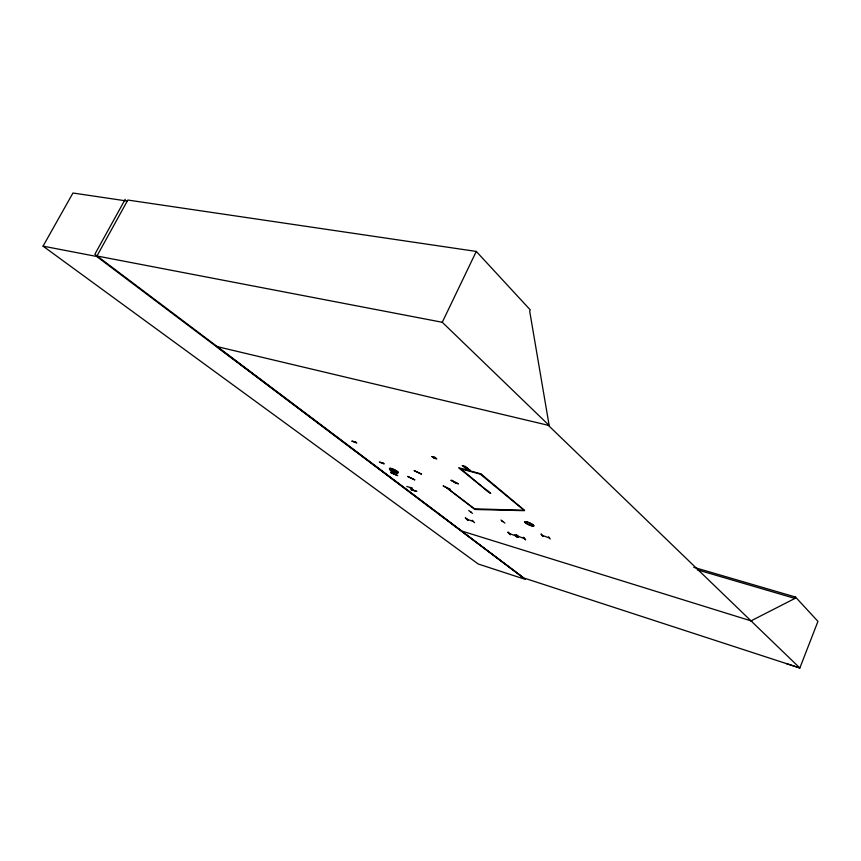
<?xml version="1.0" encoding="UTF-8"?>
<svg xmlns="http://www.w3.org/2000/svg" width="861" height="861" viewBox="0 0 861 861"><rect width="100%" height="100%" fill="white"/><g stroke="black" fill="none" stroke-linecap="round" stroke-linejoin="round"><path stroke-width="1.29" d="M548.575 536.801L550.254 539.04M523.531 537.447L525.544 539.718M517.224 537.221L514.792 534.789L517.203 537.178M474.572 522.659L472.14 520.238M504.89 523.09L500.994 520.033M486.605 490.07L490.609 493.385M486.347 489.995L490.609 493.45M411.084 489.597L416.563 491.308M411.235 489.812L416.778 491.405M751.007 620.867L794.961 598.417L795.499 597.05L693.751 567.302M458.246 483.796L450.873 480.266L458.192 483.871M421.352 473.991L414.076 470.569L421.255 474.099M431.964 456.545L434.719 457.288M434.009 458.192L436.764 458.945L434.934 457.309M476.284 251.434L530.247 309.874L529.676 311.112L549.157 425.463L442.274 322.272L476.284 251.434L127.826 200.043L96.701 256.47L43.05 246.149L72.959 193.015L127.256 201.065M407.748 476.424L414.733 479.803M443.275 485.959L450.368 489.5L443.264 486.013M125.232 199.257L94.85 254.275L461.862 531.065M396.986 473.572L390.055 470.547M414.701 479.857L407.727 476.467M412.408 488.101L406.822 486.497M455.943 483.538L452.079 480.298M468.696 510.465L472.474 513.382M465.435 517.848L467.878 520.27M507.893 532.206L510.293 534.703L508.205 532.378M508.173 532.302L510.282 534.595M516.492 534.821L518.57 537.221L516.525 534.896M541.203 534.175L543.14 536.521M431.964 456.502L434.041 458.127M454.565 482.246L454.823 482.171M393.337 472.108L393.972 473.937M488.284 491.749L458.612 467.727L480.847 473.83L524.521 510.315L474.131 508.819L446.773 487.81L475.337 509.497L524.521 510.67L480.363 474.163M470.924 512.015L471.311 512.123M502.749 521.594L502.114 521.389M96.959 255.997L442.274 322.272M466.931 519.172L473.281 521.518M542.182 535.348L549.135 537.877M509.217 533.497L515.728 535.876M517.526 536.016L518.085 536.22M216.552 346.477L549.221 425.528L548.199 425.237L799.847 667.985L817.95 621.362L795.499 597.05M459.462 468.427L481.676 474.529M488.176 491.631L460.743 468.771M697.281 569.788L794.961 598.417M472.732 521.314L473.249 521.508M751.804 621.115L461.27 530.882L436.592 512.273M517.59 536.048L524.198 538.534L523.617 538.319M786.115 663.53L799.847 667.985L523.768 577.968L462.335 531.678L522.509 577.107M502.275 521.454L502.49 521.422M465.392 517.881L467.846 520.302M467.168 519.334L467.469 519.355M542.828 536.468L541.128 534.089M525.544 539.772L523.273 537.307M393.638 472.248L394.23 473.927M43.05 246.149L478.232 564.009L525.436 579.421L96.701 256.47M217.629 347.284L434.439 510.659M409.782 487.509L413.893 490.501M433.051 456.987L435.741 458.364L433.051 456.987M390.69 472.474L397.653 475.616L390.7 472.431M465.672 466.544L462.163 465.597L464.445 466.727L463.95 467.082L467.491 468.05L465.155 466.91L465.672 466.544M468.492 468.89L464.994 467.943L467.265 469.062L466.77 469.406L470.3 470.375L467.975 469.245L468.492 468.89M355.711 442.156L351.794 441.08L356.788 442.984L355.711 442.156M383.253 463.175L379.378 462.066L384.21 463.907L383.253 463.175M391.12 470.063A4.843 0.904 25.3 0 0 398.223 472.667A4.843 0.904 25.3 0 0 392.304 468.89A4.843 0.904 25.3 0 0 391.12 470.063A4.832 0.904 25.3 0 0 398.212 472.667A4.832 0.904 25.3 0 0 392.304 468.901A4.832 0.904 25.3 0 0 391.12 470.074M526.049 523.23A4.994 0.958 24.2 0 0 533.691 526.039A5.026 0.969 24.2 0 0 528.084 522.336A5.026 0.969 24.2 0 0 526.028 523.23A5.026 0.969 24.2 0 0 533.712 526.049A4.994 0.958 24.2 0 0 528.084 522.347A4.994 0.958 24.2 0 0 526.049 523.23"/></g></svg>
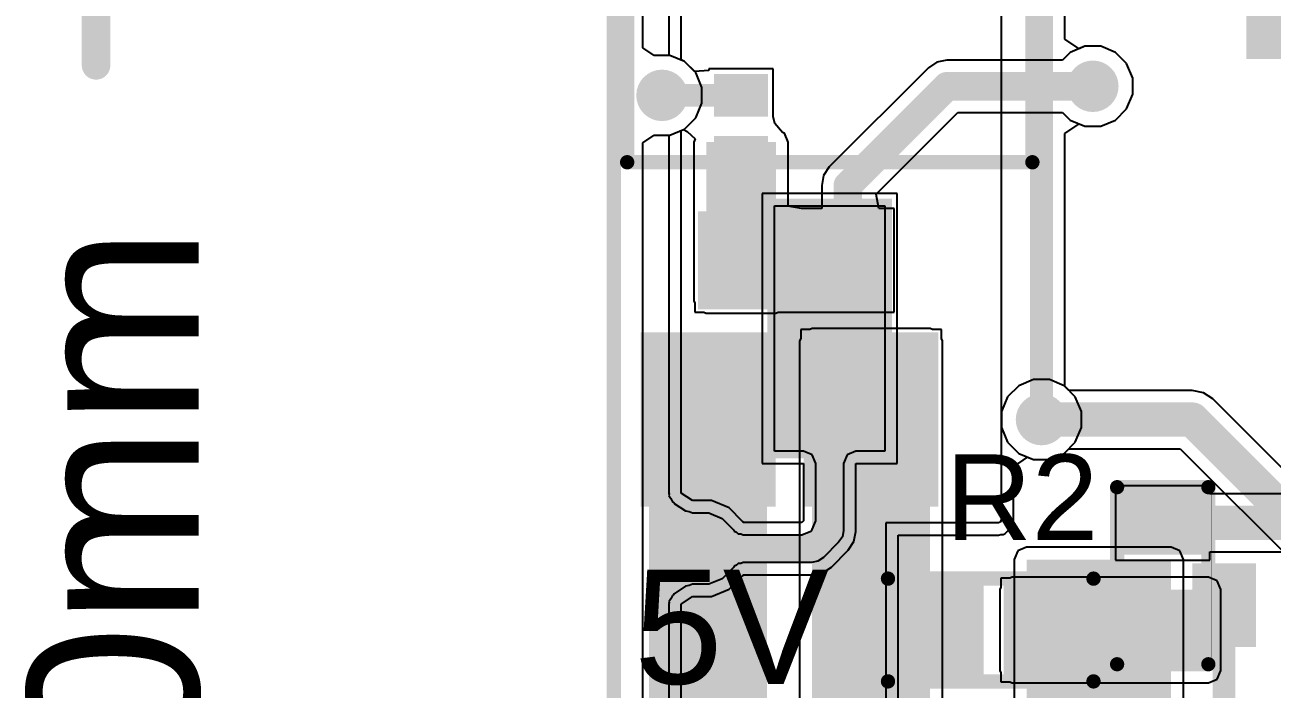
# Model space of a CAD drawing. Header units: millimetres. Extents: x -12 to 5428, y 0 to 5422.
# Drawn here: x -12.24 to -1.14, y 19.4 to 25.31 of the extents above; entities that cross this region are included whole.
import ezdxf

# ---------------------------------------------------------------- set-up
doc = ezdxf.new("R2010")
doc.units = ezdxf.units.MM
for name, color, linetype in [('BottomLayer', 5, 'Continuous'), ('BottomPaste', 16, 'Continuous'), ('BottomSolder', 6, 'Continuous'), ('Mechanical1', 6, 'Continuous'), ('Mechanical2', 216, 'Continuous'), ('TopLayer', 1, 'Continuous'), ('TopOverlay', 2, 'Continuous'), ('TopPaste', 8, 'Continuous'), ('TopSolder', 216, 'Continuous'), ('ViaHoleLayer', 16, 'Continuous')]:
    doc.layers.add(name, color=color, linetype=linetype)
doc.styles.add('Arial', font='', dxfattribs={"height": 0.2})
doc.styles.get('Arial').set_extended_font_data('Arial')

# ---------------------------------------------------------------- blocks, each defined once
blk = doc.blocks.new('DSIC01LSGET_61')
at = {"layer": 'TopLayer'}
for points in [[(-5.5, 0.5), (-3.3, 0.5), (-3.3, -0.5), (-5.5, -0.5)], [(3.3, 0.5), (5.5, 0.5), (5.5, -0.5), (3.3, -0.5)]]:
    blk.add_hatch(color=1, dxfattribs=at).paths.add_polyline_path(points)
at = {"layer": 'TopPaste'}
for points in [[(-5.5, 0.5), (-3.3, 0.5), (-3.3, -0.5), (-5.5, -0.5)], [(3.3, 0.5), (5.5, 0.5), (5.5, -0.5), (3.3, -0.5)]]:
    blk.add_hatch(color=8, dxfattribs=at).paths.add_polyline_path(points)
at = {"layer": 'TopSolder'}
for points in [[(-5.555, 0.555), (-3.245, 0.555), (-3.245, -0.555), (-5.555, -0.555)], [(3.245, 0.555), (5.555, 0.555), (5.555, -0.555), (3.245, -0.555)]]:
    blk.add_hatch(color=216, dxfattribs=at).paths.add_polyline_path(points)
at = {"layer": 'TopOverlay'}
for points, const_width in [([(-2.946, -1.803), (-2.946, 1.803)], 0.127), ([(2.921, 1.803), (-2.946, 1.803)], 0.127), ([(2.921, -1.803), (2.921, 1.803)], 0.127), ([(-0.508, 0), (0.483, 0.457)], 0.254), ([(-0.508, 0), (-1.422, 0)], 0.254), ([(1.372, -0.051), (0.457, -0.051)], 0.254), ([(2.921, -1.803), (-2.946, -1.803)], 0.127)]:
    blk.add_lwpolyline(points, dxfattribs=dict(at, const_width=const_width))
for points, const_width in [([(-2.978, 1.803, 1), (-2.915, 1.803, 1)], 0.0635), ([(-2.978, 1.803, 1), (-2.915, 1.803, 1)], 0.0635), ([(2.889, 1.803, 1), (2.953, 1.803, 1)], 0.0635), ([(2.889, 1.803, 1), (2.953, 1.803, 1)], 0.0635), ([(0.419, 0.457, 1), (0.546, 0.457, 1)], 0.127), ([(-1.486, 0, 1), (-1.359, 0, 1)], 0.127), ([(-0.572, 0, 1), (-0.445, 0, 1)], 0.127), ([(-0.572, 0, 1), (-0.445, 0, 1)], 0.127), ([(0.394, -0.051, 1), (0.521, -0.051, 1)], 0.127), ([(1.308, -0.051, 1), (1.435, -0.051, 1)], 0.127), ([(-2.978, -1.803, 1), (-2.915, -1.803, 1)], 0.0635), ([(-2.978, -1.803, 1), (-2.915, -1.803, 1)], 0.0635), ([(2.889, -1.803, 1), (2.953, -1.803, 1)], 0.0635), ([(2.889, -1.803, 1), (2.953, -1.803, 1)], 0.0635)]:
    blk.add_lwpolyline(points, format="xyb", close=True, dxfattribs=dict(at, const_width=const_width))
blk = doc.blocks.new('R___0201_B_99')
at = {"layer": 'BottomLayer'}
for points in [[(-0.41, 0.185), (-0.14, 0.185), (-0.14, -0.185), (-0.41, -0.185)], [(0.14, 0.185), (0.41, 0.185), (0.41, -0.185), (0.14, -0.185)]]:
    blk.add_hatch(color=5, dxfattribs=at).paths.add_polyline_path(points)
at = {"layer": 'BottomPaste'}
for points in [[(-0.41, 0.185), (-0.14, 0.185), (-0.14, -0.185), (-0.41, -0.185)], [(0.14, 0.185), (0.41, 0.185), (0.41, -0.185), (0.14, -0.185)]]:
    blk.add_hatch(color=16, dxfattribs=at).paths.add_polyline_path(points)
at = {"layer": 'BottomSolder'}
for points in [[(-0.465, 0.24), (-0.085, 0.24), (-0.085, -0.24), (-0.465, -0.24)], [(0.085, 0.24), (0.465, 0.24), (0.465, -0.24), (0.085, -0.24)]]:
    blk.add_hatch(color=6, dxfattribs=at).paths.add_polyline_path(points)
blk = doc.blocks.new('R___0402_B_109')
at = {"layer": 'BottomLayer'}
for points in [[(-0.241, 0.317), (-0.241, -0.318), (-0.698, -0.318), (-0.698, 0.317)], [(0.699, 0.317), (0.699, -0.318), (0.241, -0.318), (0.241, 0.317)]]:
    blk.add_hatch(color=5, dxfattribs=at).paths.add_polyline_path(points)
at = {"layer": 'BottomPaste'}
for points in [[(-0.241, 0.317), (-0.241, -0.318), (-0.698, -0.318), (-0.698, 0.317)], [(0.699, 0.317), (0.699, -0.318), (0.241, -0.318), (0.241, 0.317)]]:
    blk.add_hatch(color=16, dxfattribs=at).paths.add_polyline_path(points)
at = {"layer": 'BottomSolder'}
for points in [[(-0.186, 0.372), (-0.186, -0.373), (-0.753, -0.373), (-0.753, 0.372)], [(0.754, 0.372), (0.754, -0.373), (0.186, -0.373), (0.186, 0.372)]]:
    blk.add_hatch(color=6, dxfattribs=at).paths.add_polyline_path(points)
blk = doc.blocks.new('R___0402_111')
at = {"layer": 'TopLayer'}
for points in [[(-0.699, -0.318), (-0.699, 0.317), (-0.241, 0.317), (-0.241, -0.318)], [(0.241, -0.318), (0.241, 0.317), (0.698, 0.317), (0.698, -0.318)]]:
    blk.add_hatch(color=1, dxfattribs=at).paths.add_polyline_path(points)
at = {"layer": 'TopPaste'}
for points in [[(-0.699, -0.318), (-0.699, 0.317), (-0.241, 0.317), (-0.241, -0.318)], [(0.241, -0.318), (0.241, 0.317), (0.698, 0.317), (0.698, -0.318)]]:
    blk.add_hatch(color=8, dxfattribs=at).paths.add_polyline_path(points)
at = {"layer": 'TopSolder'}
for points in [[(-0.754, -0.373), (-0.754, 0.372), (-0.186, 0.372), (-0.186, -0.373)], [(0.186, -0.373), (0.186, 0.372), (0.753, 0.372), (0.753, -0.373)]]:
    blk.add_hatch(color=216, dxfattribs=at).paths.add_polyline_path(points)
at = {"layer": 'TopOverlay'}
for points, const_width in [([(-0.787, 0.406), (-0.787, -0.406)], 0.127), ([(-0.787, 0.406), (0.787, 0.406)], 0.127), ([(0.787, 0.406), (0.787, -0.406)], 0.127), ([(-0.787, -0.406), (0.787, -0.406)], 0.127), ([(-0.813, -0.432), (0.813, -0.432)], 0.00323)]:
    blk.add_lwpolyline(points, dxfattribs=dict(at, const_width=const_width))
for points, const_width in [([(-0.819, 0.406, 1), (-0.756, 0.406, 1)], 0.0635), ([(-0.819, 0.406, 1), (-0.756, 0.406, 1)], 0.0635), ([(0.756, 0.406, 1), (0.819, 0.406, 1)], 0.0635), ([(0.756, 0.406, 1), (0.819, 0.406, 1)], 0.0635), ([(-0.819, -0.406, 1), (-0.756, -0.406, 1)], 0.0635), ([(-0.819, -0.406, 1), (-0.756, -0.406, 1)], 0.0635), ([(-0.814, -0.432, 1), (-0.812, -0.432, 1)], 0.00161), ([(0.756, -0.406, 1), (0.819, -0.406, 1)], 0.0635), ([(0.756, -0.406, 1), (0.819, -0.406, 1)], 0.0635), ([(0.812, -0.432, 1), (0.814, -0.432, 1)], 0.00161)]:
    blk.add_lwpolyline(points, format="xyb", close=True, dxfattribs=dict(at, const_width=const_width))
blk = doc.blocks.new('LED_0402_B_114')
at = {"layer": 'BottomLayer'}
for points in [[(-0.785, 0.36), (-0.165, 0.36), (-0.165, -0.36), (-0.785, -0.36)], [(0.165, 0.36), (0.785, 0.36), (0.785, -0.36), (0.165, -0.36)]]:
    blk.add_hatch(color=5, dxfattribs=at).paths.add_polyline_path(points)
at = {"layer": 'BottomPaste'}
for points in [[(-0.785, 0.36), (-0.165, 0.36), (-0.165, -0.36), (-0.785, -0.36)], [(0.165, 0.36), (0.785, 0.36), (0.785, -0.36), (0.165, -0.36)]]:
    blk.add_hatch(color=16, dxfattribs=at).paths.add_polyline_path(points)
at = {"layer": 'BottomSolder'}
for points in [[(-0.86, 0.435), (-0.09, 0.435), (-0.09, -0.435), (-0.86, -0.435)], [(0.09, 0.435), (0.86, 0.435), (0.86, -0.435), (0.09, -0.435)]]:
    blk.add_hatch(color=6, dxfattribs=at).paths.add_polyline_path(points)
blk = doc.blocks.new('C___0402_B_213')
at = {"layer": 'BottomLayer'}
for points in [[(-0.241, 0.318), (-0.241, -0.317), (-0.698, -0.317), (-0.698, 0.318)], [(0.699, 0.318), (0.699, -0.317), (0.241, -0.317), (0.241, 0.318)]]:
    blk.add_hatch(color=5, dxfattribs=at).paths.add_polyline_path(points)
at = {"layer": 'BottomPaste'}
for points in [[(-0.241, 0.318), (-0.241, -0.317), (-0.698, -0.317), (-0.698, 0.318)], [(0.699, 0.318), (0.699, -0.317), (0.241, -0.317), (0.241, 0.318)]]:
    blk.add_hatch(color=16, dxfattribs=at).paths.add_polyline_path(points)
at = {"layer": 'BottomSolder'}
for points in [[(-0.181, 0.378), (-0.181, -0.377), (-0.758, -0.377), (-0.758, 0.378)], [(0.759, 0.378), (0.759, -0.377), (0.181, -0.377), (0.181, 0.378)]]:
    blk.add_hatch(color=6, dxfattribs=at).paths.add_polyline_path(points)
blk = doc.blocks.new('EVQP7A01P_B_224')
at = {"layer": 'BottomLayer'}
for points in [[(-2.5, 1.25), (-1.1, 1.25), (-1.1, 0.2), (-2.5, 0.2)], [(1.1, 1.25), (2.5, 1.25), (2.5, 0.2), (1.1, 0.2)], [(-2.5, -0.2), (-1.1, -0.2), (-1.1, -1.25), (-2.5, -1.25)], [(1.1, -0.2), (2.5, -0.2), (2.5, -1.25), (1.1, -1.25)]]:
    blk.add_hatch(color=5, dxfattribs=at).paths.add_polyline_path(points)
at = {"layer": 'BottomPaste'}
for points in [[(-2.5, 1.25), (-1.1, 1.25), (-1.1, 0.2), (-2.5, 0.2)], [(1.1, 1.25), (2.5, 1.25), (2.5, 0.2), (1.1, 0.2)], [(-2.5, -0.2), (-1.1, -0.2), (-1.1, -1.25), (-2.5, -1.25)], [(1.1, -0.2), (2.5, -0.2), (2.5, -1.25), (1.1, -1.25)]]:
    blk.add_hatch(color=16, dxfattribs=at).paths.add_polyline_path(points)
at = {"layer": 'BottomSolder'}
for points in [[(-2.575, 1.325), (-1.025, 1.325), (-1.025, 0.125), (-2.575, 0.125)], [(1.025, 1.325), (2.575, 1.325), (2.575, 0.125), (1.025, 0.125)], [(-2.575, -0.125), (-1.025, -0.125), (-1.025, -1.325), (-2.575, -1.325)], [(1.025, -0.125), (2.575, -0.125), (2.575, -1.325), (1.025, -1.325)]]:
    blk.add_hatch(color=6, dxfattribs=at).paths.add_polyline_path(points)
blk = doc.blocks.new('LED_0402_225')
at = {"layer": 'TopLayer'}
for points in [[(-0.785, 0.36), (-0.165, 0.36), (-0.165, -0.36), (-0.785, -0.36)], [(0.165, 0.36), (0.785, 0.36), (0.785, -0.36), (0.165, -0.36)]]:
    blk.add_hatch(color=1, dxfattribs=at).paths.add_polyline_path(points)
at = {"layer": 'TopOverlay'}
blk.add_hatch(color=2, dxfattribs=at).paths.add_polyline_path([(0.94, -0.508), (1.549, -0.508), (1.549, 0.508), (0.94, 0.508)])
at = {"layer": 'TopPaste'}
for points in [[(-0.785, 0.36), (-0.165, 0.36), (-0.165, -0.36), (-0.785, -0.36)], [(0.165, 0.36), (0.785, 0.36), (0.785, -0.36), (0.165, -0.36)]]:
    blk.add_hatch(color=8, dxfattribs=at).paths.add_polyline_path(points)
at = {"layer": 'TopSolder'}
for points in [[(-0.86, 0.435), (-0.09, 0.435), (-0.09, -0.435), (-0.86, -0.435)], [(0.09, 0.435), (0.86, 0.435), (0.86, -0.435), (0.09, -0.435)]]:
    blk.add_hatch(color=216, dxfattribs=at).paths.add_polyline_path(points)
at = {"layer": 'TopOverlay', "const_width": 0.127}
********************
_What is required:_ Please go through the data above and copy every line that has the word "linetype".

_Answer for the task:_
for name, color, linetype in [('BottomLayer', 5, 'Continuous'), ('BottomPaste', 16, 'Continuous'), ('BottomSolder', 6, 'Continuous'), ('Mechanical1', 6, 'Continuous'), ('Mechanical2', 216, 'Continuous'), ('TopLayer', 1, 'Continuous'), ('TopOverlay', 2, 'Continuous'), ('TopPaste', 8, 'Continuous'), ('TopSolder', 216, 'Continuous'), ('ViaHoleLayer', 16, 'Continuous')]:
    doc.layers.add(name, color=color, linetype=linetype)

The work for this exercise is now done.